Apple unveiled the MacBook Neo on Wednesday, its cheapest laptop starting at $599 ($499 with education discount), undercutting the M5 MacBook Air by $500. Featuring an iPhone-derived A18 Pro chip and compact design, it targets students and casual users competing with Chromebooks and budget Windows PCs, though with feature trade-offs. Preorders are live, shipping March 11.
The MacBook Neo caps a busy week of Apple announcements including the iPhone 17E, M5 MacBook Air and Pro, refreshed displays, and M4 iPad Air—all available for preorder with March 11 shipping.
Priced aggressively to capture educational and budget markets, the 2.7-pound 13-inch laptop matches the Air's weight but offers vibrant colors: blush (pink), citrus (yellow), indigo (dark blue), and silver, versus the Air's more subdued palette.
Key specs include the A18 Pro chip (six-core CPU with two performance and four efficiency cores, five-core GPU) from the 2024 iPhone 16 Pro, 8GB unified memory (60GB/s bandwidth), and 256GB storage (upgradable to 512GB for $100, adding Touch ID). It supports Apple Intelligence but trails the M5 Air's 10-core CPU, up to 10-core GPU, 16GB+ RAM (153GB/s), and 4TB max storage.

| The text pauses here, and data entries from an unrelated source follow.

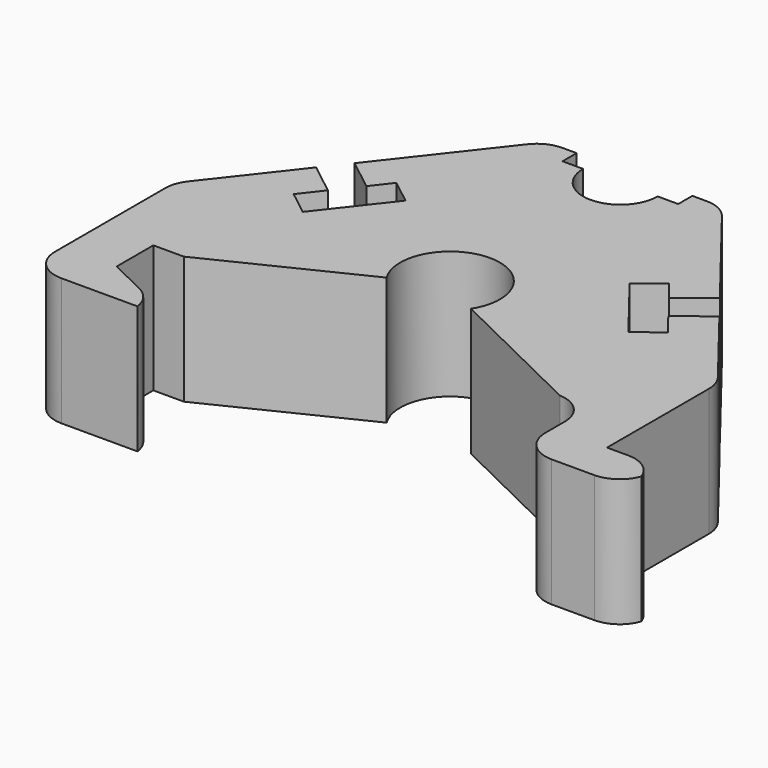
from build123d import *

# Parameters (mm, degrees)
F1_DEPTH    = 12
F3_D        = 5.5
F3_DEPTH    = 7
F3_TIP      = 1.6523667023
F4_T1_DEPTH = 12
F4_T3_DEPTH = 27
F4_T5_DEPTH = 17.1641728771
F4_T7_DEPTH = 19.3168092608
F4_T9_DEPTH = 21.2169428411


# Not quite as in the source:
# - a fillet or chamfer that OpenCascade refuses, or shapes differently, is made with other operations: its cross-section is extruded or revolved along the edge and cut away or added
# - a feature names something its author has since deleted; it is built from what else it names


with BuildPart() as f1:
    # F0 (on Top) → F1 (new body)
    with BuildSketch(Plane.XY):
        with BuildLine():
            Line((5.4365318258, 35.1470746964), (5.4365318258, 33.4868409083))
            Line((5.4365318258, 33.4868409083), (3.5, 33.4868409083))
            ThreePointArc((3.5, 33.4868409083), (0, 29.9868409083), (-3.5, 33.4868409083))
            Line((-3.5, 33.4868409083), (-5.4365318258, 33.4868409083))
            Line((-5.4365318258, 33.4868409083), (-5.4365318258, 35.1470746964))
            Line((-5.4365318258, 35.1470746964), (-8.2365318258, 35.1470746964))
            Line((-8.2365318258, 35.1470746964), (-17.1626134825, 23.7201299491))
            Line((-17.1626134825, 23.7201299491), (-14.2073691514, 21.4116605551))
            Line((-14.2073691514, 21.4116605551), (-12.8128593238, 23.1968768865))
            Line((-12.8128593238, 23.1968768865), (-10.5274703744, 21.4116605551))
            Line((-10.5274703744, 21.4116605551), (-15.298307122, 15.304155604))
            Line((-15.298307122, 15.304155604), (-17.5836960714, 17.0893719354))
            Line((-17.5836960714, 17.0893719354), (-15.9925854827, 19.1262716057))
            Line((-15.9925854827, 19.1262716057), (-18.9478298139, 21.4347409997))
            Line((-18.9478298139, 21.4347409997), (-25.5365714751, 13))
            Line((-25.5365714751, 13), (-25.5365714751, 0))
            Line((-25.5365714751, 0), (-25.5365714751, -4))
            Line((-25.5365714751, -4), (-20.5365714751, -4))
            Line((-20.5365714751, -4), (-15.3852878138, -4))
            Line((-15.3852878138, -4), (-15.3852878138, -2.5156375486))
            Line((-15.3852878138, -2.5156375486), (-20.5365714751, 0))
            Line((-20.5365714751, 0), (-20.5365714751, 4.3))
            Line((-20.5365714751, 4.3), (-17.6668407531, 4.3))
            Line((-17.6668407531, 4.3), (-3.9629505379, 10.990731871))
            ThreePointArc((-3.9629505379, 10.990731871), (0, 18.1703798791), (3.9629505379, 10.990731871))
            Line((3.9629505379, 10.990731871), (17.6668407531, 4.3))
            Line((17.6668407531, 4.3), (20.5365714751, 4.3))
            Line((20.5365714751, 4.3), (20.5365714751, -4))
            Line((20.5365714751, -4), (30.5365714751, -4))
            Line((30.5365714751, -4), (30.5365714751, 0))
            Line((30.5365714751, 0), (25.5365714751, 0))
            Line((25.5365714751, 0), (25.5365714751, 13))
            Line((25.5365714751, 13), (18.9478298139, 21.4347409997))
            Line((18.9478298139, 21.4347409997), (15.9925854827, 19.1262716057))
            Line((15.9925854827, 19.1262716057), (17.5836960714, 17.0893719354))
            Line((17.5836960714, 17.0893719354), (15.298307122, 15.304155604))
            Line((15.298307122, 15.304155604), (10.5274703744, 21.4116605551))
            Line((10.5274703744, 21.4116605551), (12.8128593238, 23.1968768865))
            Line((12.8128593238, 23.1968768865), (14.2073691514, 21.4116605551))
            Line((14.2073691514, 21.4116605551), (17.1626134825, 23.7201299491))
            Line((17.1626134825, 23.7201299491), (8.2365318258, 35.1470746964))
            Line((8.2365318258, 35.1470746964), (5.4365318258, 35.1470746964))
        make_face()
    extrude(amount=F1_DEPTH)

    # F3
    with Locations(Plane(origin=(-22.1660473582, 17.3148600175, 0), x_dir=(-0.6155918384, -0.788065155, 0), z_dir=(-0.788065155, 0.6155918384, 0))):
        with Locations((-15.1406489313, 6.5862988122)):
            Hole(F3_D / 2, depth=F3_DEPTH)
            with Locations((0, 0, -(F3_DEPTH + F3_TIP / 2))):  # 118° drill point
                Cone(0, F3_D / 2, F3_TIP, mode=Mode.SUBTRACT)

    # F4: fillet of radius 3 on 10 edges, made by hand

    # F4_s2 → F4_t1 (join)
    with BuildSketch(Plane.XY):
        with BuildLine():
            ThreePointArc((17.6668407531, 4.3), (19.7034595472, 3.3775817354), (20.5365714751, 1.302829682))
            Line((20.5365714751, 1.302829682), (20.5365714751, 4.3))
            Line((20.5365714751, 4.3), (17.6668407531, 4.3))
        make_face()
    extrude(amount=F4_T1_DEPTH)

    # F4_s4 → F4_t3 (cut)
    with BuildSketch(Plane.XY.offset(-7.5)):
        with BuildLine():
            ThreePointArc((20.5365714751, -1), (21.4152511315, -3.1213203436), (23.5365714751, -4))
            Line((23.5365714751, -4), (20.5365714751, -4))
            Line((20.5365714751, -4), (20.5365714751, -1))
        make_face()
        with BuildLine():
            ThreePointArc((-25.5365714751, -1), (-24.6578918186, -3.1213203436), (-22.5365714751, -4))
            Line((-22.5365714751, -4), (-25.5365714751, -4))
            Line((-25.5365714751, -4), (-25.5365714751, -1))
        make_face()
        with BuildLine():
            ThreePointArc((30.5365714751, -3), (29.6578918186, -0.8786796564), (27.5365714751, 0))
            Line((27.5365714751, 0), (30.5365714751, 0))
            Line((30.5365714751, 0), (30.5365714751, -3))
        make_face()
        with BuildLine():
            ThreePointArc((27.5365714751, -4), (29.6578918186, -3.1213203436), (30.5365714751, -1))
            Line((30.5365714751, -1), (30.5365714751, -4))
            Line((30.5365714751, -4), (27.5365714751, -4))
        make_face()
    extrude(amount=F4_T3_DEPTH, mode=Mode.SUBTRACT)

    # F4_s6 → F4_t5 (cut)
    with BuildSketch(Plane.XY.offset(-2.5820864386)):
        with BuildLine():
            ThreePointArc((25.5365714751, 11.9671654246), (25.3731703536, 12.9437445573), (24.90076694, 13.8139409398))
            Line((24.90076694, 13.8139409398), (25.5365714751, 13))
            Line((25.5365714751, 13), (25.5365714751, 11.9671654246))
        make_face()
        with BuildLine():
            ThreePointArc((-24.90076694, 13.8139409398), (-25.3731703536, 12.9437445573), (-25.5365714751, 11.9671654246))
            Line((-25.5365714751, 11.9671654246), (-25.5365714751, 13))
            Line((-25.5365714751, 13), (-24.90076694, 13.8139409398))
        make_face()
    extrude(amount=F4_T5_DEPTH, mode=Mode.SUBTRACT)

    # F4_s8 → F4_t7 (cut)
    with BuildSketch(Plane.XY.offset(-3.6584046304)):
        with BuildLine():
            ThreePointArc((9.1373654386, 33.9938502116), (8.088402549, 34.843398726), (6.7731699737, 35.1470746964))
            Line((6.7731699737, 35.1470746964), (8.2365318258, 35.1470746964))
            Line((8.2365318258, 35.1470746964), (9.1373654386, 33.9938502116))
        make_face()
        with BuildLine():
            ThreePointArc((-6.7731699737, 35.1470746964), (-8.088402549, 34.843398726), (-9.1373654386, 33.9938502116))
            Line((-9.1373654386, 33.9938502116), (-8.2365318258, 35.1470746964))
            Line((-8.2365318258, 35.1470746964), (-6.7731699737, 35.1470746964))
        make_face()
    extrude(amount=F4_T7_DEPTH, mode=Mode.SUBTRACT)

    # F4_s10 → F4_t9 (cut)
    with BuildSketch(Plane.XY.offset(-4.6084714206)):
        with BuildLine():
            ThreePointArc((-15.3852878138, -4), (-15.9262171402, -2.6458583956), (-17.0417102945, -1.7067210022))
            Line((-17.0417102945, -1.7067210022), (-15.3852878138, -2.5156375486))
            Line((-15.3852878138, -2.5156375486), (-15.3852878138, -4))
        make_face()
    extrude(amount=F4_T9_DEPTH, mode=Mode.SUBTRACT)


solid = f1.part

The Liquid Retina display (2,408x1,506 resolution, 500 nits brightness, sRGB) is slightly smaller/lower-res than the Air's 13.6-inch P3 True Tone panel. The 1080p webcam lacks Center Stage/Desk View (Air has 12MP). Audio features dual speakers with Spatial Audio/Dolby Atmos (no AirPods support, unlike Air's four-speaker system). Battery is 36.5Wh for 11 hours web/16 hours video, shorter than Air's 53.8Wh (15/18 hours).
Ports: 10Gbps USB 3, 480Mbps USB 2 (both USB-C), headphone jack; no Thunderbolt 4 or MagSafe (uses 20W adapter). Keyboard is non-backlit Magic Keyboard with multi-touch trackpad (no Air backlighting/Force Touch).
Hands-on at the New York event praise its premium aluminum build, outperforming price rivals for everyday tasks like browsing, media, light editing, photo/video work, mobile gaming, and iPhone mirroring—ideal for school/small office. Heavier multitasking or pro workloads favor the Air.